Problem requirements: Please copy each line of the data that includes the string "radius".

Information supplied:
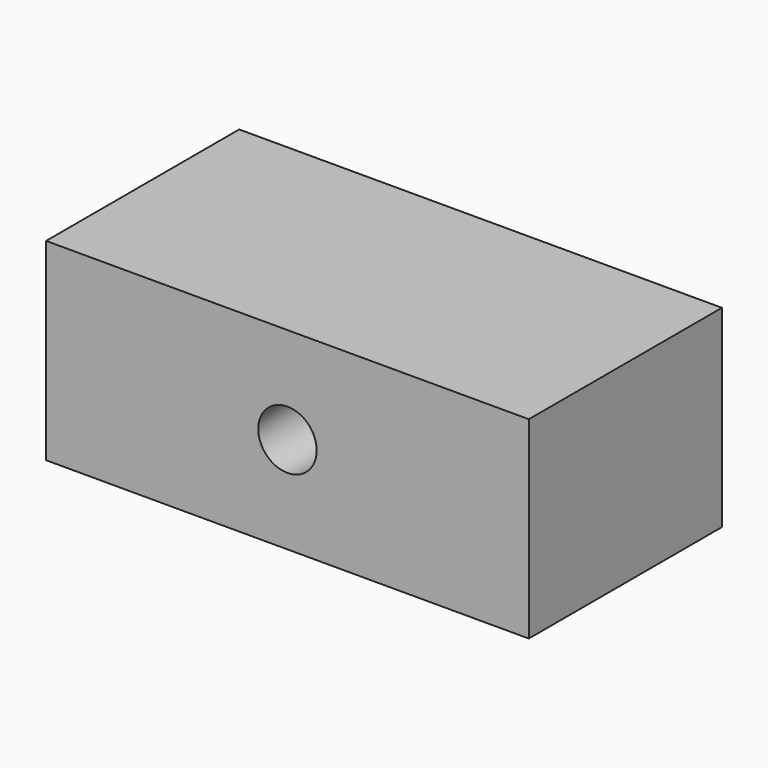
from build123d import *

# Parameters (mm, degrees)
F0_W     = 50
F0_H     = 20
F0_R     = 3.025
F1_DEPTH = 25
F0_R_2   = 1.402
F3_DEPTH = 2


# Not quite as in the source:
# - the program builds the solid bodies; features that only make, move or delete a surface that nothing else refers to are left out


with BuildPart() as f1:
    # F0 (on Front) → F1 (new body)
    with BuildSketch(Plane.XZ):
        Rectangle(F0_W, F0_H)
        Circle(F0_R, mode=Mode.SUBTRACT)
    extrude(amount=F1_DEPTH)


with BuildPart() as f3:
    # F0 (on Front) → F3 (new body)
    with BuildSketch(Plane.XZ):
        Circle(F0_R)
        Circle(F0_R_2, mode=Mode.SUBTRACT)
    extrude(amount=F3_DEPTH)


solid = Compound([f1.part, f3.part])
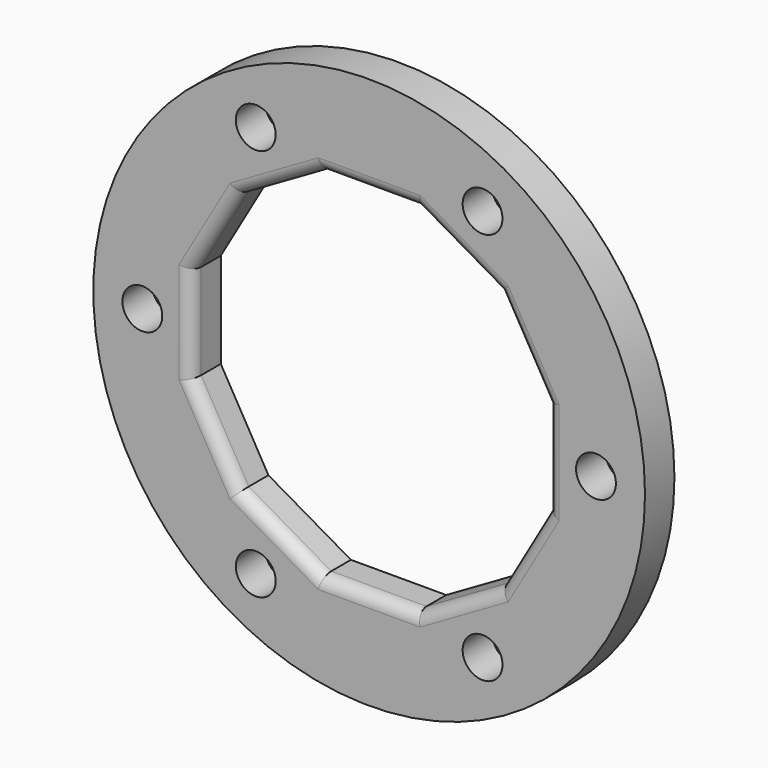
from build123d import *

# Parameters (mm, degrees)
F0_R            = 45
F1_DEPTH        = 3
F2_R            = 2
F3_R            = 3.25
F4_DEPTH        = 12.5
F4_COPIES_COUNT = 6


# Not quite as in the source:
# - a pattern or mirror of a feature is missing from the dataset's text; its kind, count and spacing are read off the source's solid


with BuildPart() as f1:
    # F0 (on Front) → F1 (new body, symmetric)
    with BuildSketch(Plane.XZ):
        Circle(F0_R)
        Polygon((-21.2294734195, 21.2294734195), (-7.7705265805, 29), (7.7705265805, 29), (21.2294734195, 21.2294734195), (29, 7.7705265805), (29, -7.7705265805), (21.2294734195, -21.2294734195), (7.7705265805, -29), (-7.7705265805, -29), (-21.2294734195, -21.2294734195), (-29, -7.7705265805), (-29, 7.7705265805), align=None, mode=Mode.SUBTRACT)
    extrude(amount=F1_DEPTH, both=True)

    # F2
    f2_edges = [f1.edges().sort_by_distance(p)[0] for p in [
        (-14.5, -3, 25.114737),
        (0, -3, 29),
        (14.5, -3, 25.114737),
        (25.114737, -3, 14.5),
        (29, -3, 0),
        (25.114737, -3, -14.5),
        (14.5, -3, -25.114737),
        (0, -3, -29),
        (-14.5, -3, -25.114737),
        (-25.114737, -3, -14.5),
        (-29, -3, 0),
        (-25.114737, -3, 14.5),
    ]]
    fillet(f2_edges, radius=F2_R)

    # F3 (on Front) → F4 (cut, symmetric)
    with BuildSketch(Plane.XZ):
        with Locations((37, 0)):
            Circle(F3_R)
    f4 = extrude(amount=F4_DEPTH, both=True, mode=Mode.SUBTRACT)

    # F4_copies: F4 ×6 about axis
    f4_copies_axis = Axis((0, 0, 0), (0, 1, 0))
    for i in range(1, F4_COPIES_COUNT):
        add(f4.rotate(f4_copies_axis, i * 360 / F4_COPIES_COUNT), mode=Mode.SUBTRACT)


solid = f1.part
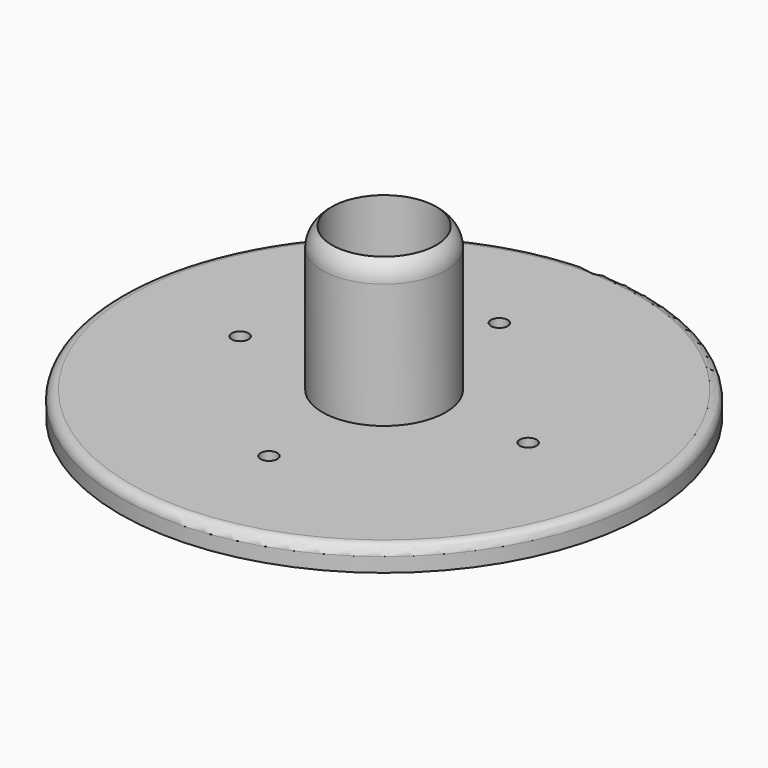
from build123d import *

# Parameters (mm, degrees)
F0_R     = 55
F1_DEPTH = 5
F2_R     = 10.85
F3_DEPTH = 25
F4_R     = 12.85
F4_R_2   = 10.85
F5_DEPTH = 30
F7_R     = 2
F8_R     = 1.75
F9_DEPTH = 25


# Not quite as in the source:
# - a fillet or chamfer that OpenCascade refuses, or shapes differently, is made with other operations: its cross-section is extruded or revolved along the edge and cut away or added


with BuildPart() as f1:
    # F0 (on Top) → F1 (new body)
    with BuildSketch(Plane.XY):
        Circle(F0_R)
    extrude(amount=F1_DEPTH)

    # F2 (on face) → F3 (cut)
    with BuildSketch(Plane.XY.offset(5)):
        Circle(F2_R)
    extrude(amount=-F3_DEPTH, mode=Mode.SUBTRACT)

    # F4 (on face) → F5 (join)
    with BuildSketch(Plane.XY.offset(5)):
        Circle(F4_R)
        Circle(F4_R_2, mode=Mode.SUBTRACT)
    extrude(amount=F5_DEPTH)

    # F6: fillet of radius 5 on 1 edges, made by hand

    # F6_s1 → F6_t2 (revolve, cut)
    with BuildSketch(Plane.XZ):
        with BuildLine():
            ThreePointArc((12.85, 31), (12.322135955, 33.2360679775), (10.85, 35))
            Line((10.85, 35), (12.85, 35))
            Line((12.85, 35), (12.85, 31))
        make_face()
    revolve(axis=Axis((0, 0, 35), (0, 0, 1)), mode=Mode.SUBTRACT)

    # F7
    f7_edges = [f1.edges().sort_by_distance(p)[0] for p in [
        (-55, 0, 5),
    ]]
    fillet(f7_edges, radius=F7_R)

    # F8 (on face) → F9 (cut)
    with BuildSketch(Plane.XY.offset(5)):
        with Locations((-30, 0)):
            Circle(F8_R)
        with Locations((0, -30)):
            Circle(F8_R)
        with Locations((30, 0)):
            Circle(F8_R)
        with Locations((0, 30)):
            Circle(F8_R)
    extrude(amount=-F9_DEPTH, mode=Mode.SUBTRACT)


solid = f1.part

Answer to this exercise:
    fillet(f2_edges, radius=F2_R)
    # F6: fillet of radius 5 on 1 edges, made by hand
    fillet(f7_edges, radius=F7_R)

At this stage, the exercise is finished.